[[ DATA EXCERPTS, beginning ]]
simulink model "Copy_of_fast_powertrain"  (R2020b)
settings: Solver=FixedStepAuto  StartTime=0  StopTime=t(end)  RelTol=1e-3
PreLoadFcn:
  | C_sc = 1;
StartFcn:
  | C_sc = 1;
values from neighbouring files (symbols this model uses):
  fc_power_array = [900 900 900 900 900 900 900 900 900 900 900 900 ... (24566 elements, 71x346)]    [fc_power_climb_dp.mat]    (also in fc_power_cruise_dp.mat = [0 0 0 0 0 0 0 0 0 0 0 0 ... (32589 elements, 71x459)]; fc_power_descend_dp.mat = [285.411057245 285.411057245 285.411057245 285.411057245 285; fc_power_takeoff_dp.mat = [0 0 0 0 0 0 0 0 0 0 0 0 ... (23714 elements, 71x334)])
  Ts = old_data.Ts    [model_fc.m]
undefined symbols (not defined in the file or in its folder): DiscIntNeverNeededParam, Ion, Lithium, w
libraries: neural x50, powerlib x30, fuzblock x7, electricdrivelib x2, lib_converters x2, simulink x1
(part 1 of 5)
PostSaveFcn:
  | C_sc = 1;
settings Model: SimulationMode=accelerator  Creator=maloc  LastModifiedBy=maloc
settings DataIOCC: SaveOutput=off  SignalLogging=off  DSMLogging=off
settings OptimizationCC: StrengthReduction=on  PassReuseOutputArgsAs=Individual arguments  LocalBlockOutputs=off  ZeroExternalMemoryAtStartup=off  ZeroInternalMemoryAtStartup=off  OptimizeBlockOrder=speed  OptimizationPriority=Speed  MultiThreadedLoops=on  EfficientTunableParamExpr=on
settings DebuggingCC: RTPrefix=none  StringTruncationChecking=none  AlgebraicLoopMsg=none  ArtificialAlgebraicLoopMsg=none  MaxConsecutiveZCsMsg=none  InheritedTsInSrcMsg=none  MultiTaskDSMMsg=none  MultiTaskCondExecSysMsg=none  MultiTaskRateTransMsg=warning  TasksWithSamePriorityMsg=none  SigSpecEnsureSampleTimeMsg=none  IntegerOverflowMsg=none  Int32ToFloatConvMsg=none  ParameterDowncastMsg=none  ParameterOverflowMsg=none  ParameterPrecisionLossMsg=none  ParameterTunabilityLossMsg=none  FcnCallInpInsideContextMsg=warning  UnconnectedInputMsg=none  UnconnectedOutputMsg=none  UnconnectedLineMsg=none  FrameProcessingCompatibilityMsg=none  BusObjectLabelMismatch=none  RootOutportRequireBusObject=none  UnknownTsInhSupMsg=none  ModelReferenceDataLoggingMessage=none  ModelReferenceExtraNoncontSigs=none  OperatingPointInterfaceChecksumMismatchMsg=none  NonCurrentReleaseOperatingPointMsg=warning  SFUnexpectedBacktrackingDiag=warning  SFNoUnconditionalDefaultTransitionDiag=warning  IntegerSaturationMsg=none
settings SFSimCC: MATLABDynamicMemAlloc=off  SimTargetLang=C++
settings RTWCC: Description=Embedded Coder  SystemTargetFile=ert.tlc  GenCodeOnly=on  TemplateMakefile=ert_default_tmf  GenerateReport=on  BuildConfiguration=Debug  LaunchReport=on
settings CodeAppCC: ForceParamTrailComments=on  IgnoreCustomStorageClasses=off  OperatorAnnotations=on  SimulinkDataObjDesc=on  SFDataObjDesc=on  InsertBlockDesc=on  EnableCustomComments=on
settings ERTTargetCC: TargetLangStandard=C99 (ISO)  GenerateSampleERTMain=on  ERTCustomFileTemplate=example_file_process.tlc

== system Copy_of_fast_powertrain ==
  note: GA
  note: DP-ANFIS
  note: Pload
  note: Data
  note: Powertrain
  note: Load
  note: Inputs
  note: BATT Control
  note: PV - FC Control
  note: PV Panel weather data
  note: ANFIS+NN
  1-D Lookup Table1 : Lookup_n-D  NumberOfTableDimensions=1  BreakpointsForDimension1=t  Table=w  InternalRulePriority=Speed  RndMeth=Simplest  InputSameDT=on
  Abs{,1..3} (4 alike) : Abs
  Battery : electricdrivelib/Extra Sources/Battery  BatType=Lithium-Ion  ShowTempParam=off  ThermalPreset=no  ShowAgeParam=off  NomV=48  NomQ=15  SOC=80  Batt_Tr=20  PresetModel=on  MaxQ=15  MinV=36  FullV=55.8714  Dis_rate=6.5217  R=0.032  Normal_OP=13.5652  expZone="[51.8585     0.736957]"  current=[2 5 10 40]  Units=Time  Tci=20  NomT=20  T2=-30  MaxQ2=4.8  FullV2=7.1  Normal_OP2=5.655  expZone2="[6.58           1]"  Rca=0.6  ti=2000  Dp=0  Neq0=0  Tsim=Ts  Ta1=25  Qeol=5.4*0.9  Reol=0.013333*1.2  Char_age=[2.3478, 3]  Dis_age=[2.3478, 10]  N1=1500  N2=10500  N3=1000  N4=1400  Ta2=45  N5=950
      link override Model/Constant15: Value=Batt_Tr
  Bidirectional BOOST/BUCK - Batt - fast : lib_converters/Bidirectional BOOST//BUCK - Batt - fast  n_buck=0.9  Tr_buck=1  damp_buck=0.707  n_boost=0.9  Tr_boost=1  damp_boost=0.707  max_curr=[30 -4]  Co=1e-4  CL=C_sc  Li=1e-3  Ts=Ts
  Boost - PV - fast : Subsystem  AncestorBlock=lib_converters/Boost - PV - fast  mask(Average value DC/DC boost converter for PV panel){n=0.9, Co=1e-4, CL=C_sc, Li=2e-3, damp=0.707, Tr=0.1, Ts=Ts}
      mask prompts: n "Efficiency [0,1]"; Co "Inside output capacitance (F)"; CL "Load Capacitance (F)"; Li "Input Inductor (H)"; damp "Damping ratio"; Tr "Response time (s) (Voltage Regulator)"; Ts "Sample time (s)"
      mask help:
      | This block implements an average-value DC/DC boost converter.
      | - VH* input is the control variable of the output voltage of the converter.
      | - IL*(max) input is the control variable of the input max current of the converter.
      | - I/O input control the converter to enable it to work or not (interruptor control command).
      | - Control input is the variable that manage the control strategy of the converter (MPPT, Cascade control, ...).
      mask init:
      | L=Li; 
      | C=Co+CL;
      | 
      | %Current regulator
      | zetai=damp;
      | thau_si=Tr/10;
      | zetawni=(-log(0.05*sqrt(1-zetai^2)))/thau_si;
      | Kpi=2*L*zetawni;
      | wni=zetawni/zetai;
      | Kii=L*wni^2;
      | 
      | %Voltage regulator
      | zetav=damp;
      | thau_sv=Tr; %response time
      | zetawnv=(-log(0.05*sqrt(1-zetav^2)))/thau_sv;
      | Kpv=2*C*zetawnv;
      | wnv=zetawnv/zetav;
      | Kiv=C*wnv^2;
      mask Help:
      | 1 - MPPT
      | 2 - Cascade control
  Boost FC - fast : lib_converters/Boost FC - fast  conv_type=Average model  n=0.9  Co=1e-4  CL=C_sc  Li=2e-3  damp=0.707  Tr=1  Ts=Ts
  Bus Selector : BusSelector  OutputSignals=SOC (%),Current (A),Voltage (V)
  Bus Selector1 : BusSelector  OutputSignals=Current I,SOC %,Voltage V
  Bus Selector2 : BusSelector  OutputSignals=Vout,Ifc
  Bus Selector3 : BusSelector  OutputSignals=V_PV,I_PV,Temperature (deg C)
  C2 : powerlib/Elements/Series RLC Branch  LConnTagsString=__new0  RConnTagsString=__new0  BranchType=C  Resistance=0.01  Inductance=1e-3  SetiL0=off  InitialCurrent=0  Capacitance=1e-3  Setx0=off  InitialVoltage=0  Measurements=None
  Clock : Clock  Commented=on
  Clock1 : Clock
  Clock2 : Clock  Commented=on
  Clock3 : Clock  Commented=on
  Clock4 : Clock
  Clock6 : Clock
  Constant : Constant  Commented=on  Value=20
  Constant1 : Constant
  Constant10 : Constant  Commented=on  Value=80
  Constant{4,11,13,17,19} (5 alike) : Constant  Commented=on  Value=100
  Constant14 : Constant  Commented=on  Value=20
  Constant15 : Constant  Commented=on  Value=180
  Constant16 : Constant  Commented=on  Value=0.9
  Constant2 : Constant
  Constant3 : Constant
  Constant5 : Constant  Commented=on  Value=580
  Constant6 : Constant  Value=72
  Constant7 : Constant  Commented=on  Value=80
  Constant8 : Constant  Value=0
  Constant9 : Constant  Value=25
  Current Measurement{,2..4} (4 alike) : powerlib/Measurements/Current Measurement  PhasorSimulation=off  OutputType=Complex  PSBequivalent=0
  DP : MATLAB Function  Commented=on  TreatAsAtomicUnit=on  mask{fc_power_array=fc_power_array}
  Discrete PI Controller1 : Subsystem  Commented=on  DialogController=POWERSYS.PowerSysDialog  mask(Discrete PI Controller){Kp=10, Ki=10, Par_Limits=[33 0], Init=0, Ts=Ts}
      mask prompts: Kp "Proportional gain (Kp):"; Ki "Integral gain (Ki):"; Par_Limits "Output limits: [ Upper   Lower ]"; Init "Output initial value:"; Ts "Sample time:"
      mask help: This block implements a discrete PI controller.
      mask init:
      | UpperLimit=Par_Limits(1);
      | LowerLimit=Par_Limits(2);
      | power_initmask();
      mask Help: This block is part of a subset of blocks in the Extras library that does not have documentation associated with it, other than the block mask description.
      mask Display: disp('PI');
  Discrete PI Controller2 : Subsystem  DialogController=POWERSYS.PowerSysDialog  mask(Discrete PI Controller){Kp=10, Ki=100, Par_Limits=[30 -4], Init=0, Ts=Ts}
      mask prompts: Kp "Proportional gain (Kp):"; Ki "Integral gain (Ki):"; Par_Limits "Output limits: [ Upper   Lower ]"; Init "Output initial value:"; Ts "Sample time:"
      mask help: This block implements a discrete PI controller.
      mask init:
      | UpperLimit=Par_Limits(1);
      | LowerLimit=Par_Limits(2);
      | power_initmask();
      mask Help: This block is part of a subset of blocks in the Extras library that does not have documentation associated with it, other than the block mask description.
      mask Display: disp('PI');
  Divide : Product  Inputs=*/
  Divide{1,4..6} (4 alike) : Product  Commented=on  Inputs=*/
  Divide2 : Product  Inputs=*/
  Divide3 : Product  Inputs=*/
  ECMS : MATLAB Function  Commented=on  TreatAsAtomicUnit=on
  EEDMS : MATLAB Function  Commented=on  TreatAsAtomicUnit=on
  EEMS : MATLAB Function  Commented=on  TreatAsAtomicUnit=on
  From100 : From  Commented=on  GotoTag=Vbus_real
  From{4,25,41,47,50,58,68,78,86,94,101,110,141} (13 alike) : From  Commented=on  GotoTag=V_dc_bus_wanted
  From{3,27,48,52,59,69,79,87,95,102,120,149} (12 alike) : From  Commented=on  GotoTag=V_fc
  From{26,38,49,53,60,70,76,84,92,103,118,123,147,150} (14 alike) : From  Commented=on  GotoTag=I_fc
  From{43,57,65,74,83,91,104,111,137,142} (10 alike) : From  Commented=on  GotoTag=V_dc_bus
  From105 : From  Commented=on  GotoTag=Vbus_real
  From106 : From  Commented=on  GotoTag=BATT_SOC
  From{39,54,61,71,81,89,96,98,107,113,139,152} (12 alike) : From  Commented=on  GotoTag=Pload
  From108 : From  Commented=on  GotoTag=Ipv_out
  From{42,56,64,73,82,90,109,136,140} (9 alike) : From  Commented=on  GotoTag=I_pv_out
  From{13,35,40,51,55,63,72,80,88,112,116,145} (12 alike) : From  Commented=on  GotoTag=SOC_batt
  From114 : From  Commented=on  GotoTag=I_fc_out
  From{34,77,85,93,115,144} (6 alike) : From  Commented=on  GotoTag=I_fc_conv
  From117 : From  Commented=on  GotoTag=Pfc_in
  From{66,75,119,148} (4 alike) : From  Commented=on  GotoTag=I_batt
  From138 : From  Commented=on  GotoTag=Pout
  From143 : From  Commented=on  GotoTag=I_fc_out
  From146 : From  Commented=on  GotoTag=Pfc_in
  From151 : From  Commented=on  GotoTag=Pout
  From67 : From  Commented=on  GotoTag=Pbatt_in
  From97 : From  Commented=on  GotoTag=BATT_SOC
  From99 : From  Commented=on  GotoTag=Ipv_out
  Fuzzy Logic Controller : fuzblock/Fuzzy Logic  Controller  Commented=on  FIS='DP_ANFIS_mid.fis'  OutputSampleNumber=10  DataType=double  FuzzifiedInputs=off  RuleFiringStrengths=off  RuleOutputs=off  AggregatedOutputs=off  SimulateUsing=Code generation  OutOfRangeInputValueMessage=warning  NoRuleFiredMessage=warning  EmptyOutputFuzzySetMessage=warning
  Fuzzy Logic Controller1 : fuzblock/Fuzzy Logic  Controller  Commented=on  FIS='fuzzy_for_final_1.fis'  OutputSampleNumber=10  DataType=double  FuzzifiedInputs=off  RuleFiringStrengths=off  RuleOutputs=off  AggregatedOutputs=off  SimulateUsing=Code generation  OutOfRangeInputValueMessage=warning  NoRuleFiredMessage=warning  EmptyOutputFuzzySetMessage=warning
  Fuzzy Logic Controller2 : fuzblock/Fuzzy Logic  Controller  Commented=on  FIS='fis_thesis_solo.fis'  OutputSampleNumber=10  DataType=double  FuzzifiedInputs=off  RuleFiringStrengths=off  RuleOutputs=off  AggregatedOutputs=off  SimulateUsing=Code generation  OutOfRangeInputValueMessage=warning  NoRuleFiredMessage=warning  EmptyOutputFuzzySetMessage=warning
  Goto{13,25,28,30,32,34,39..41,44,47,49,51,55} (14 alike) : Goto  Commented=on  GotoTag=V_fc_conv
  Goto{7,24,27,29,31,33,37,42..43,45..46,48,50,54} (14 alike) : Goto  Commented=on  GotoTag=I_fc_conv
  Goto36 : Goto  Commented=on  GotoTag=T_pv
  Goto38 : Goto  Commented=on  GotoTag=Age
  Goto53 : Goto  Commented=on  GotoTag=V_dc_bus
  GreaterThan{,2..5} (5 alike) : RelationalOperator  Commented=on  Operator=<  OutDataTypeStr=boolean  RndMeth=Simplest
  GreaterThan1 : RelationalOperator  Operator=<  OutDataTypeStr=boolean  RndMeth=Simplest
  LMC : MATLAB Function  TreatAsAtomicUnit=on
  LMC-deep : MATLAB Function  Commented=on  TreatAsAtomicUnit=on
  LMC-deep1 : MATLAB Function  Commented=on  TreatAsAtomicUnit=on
[[ DATA EXCERPTS, end ]]
## WORK ORDER
The lines above that hold "Cascade" are the result; show every one of them.

## TASK SOLUTION
      | - Control input is the variable that manage the control strategy of the converter (MPPT, Cascade control, ...).
      | 2 - Cascade control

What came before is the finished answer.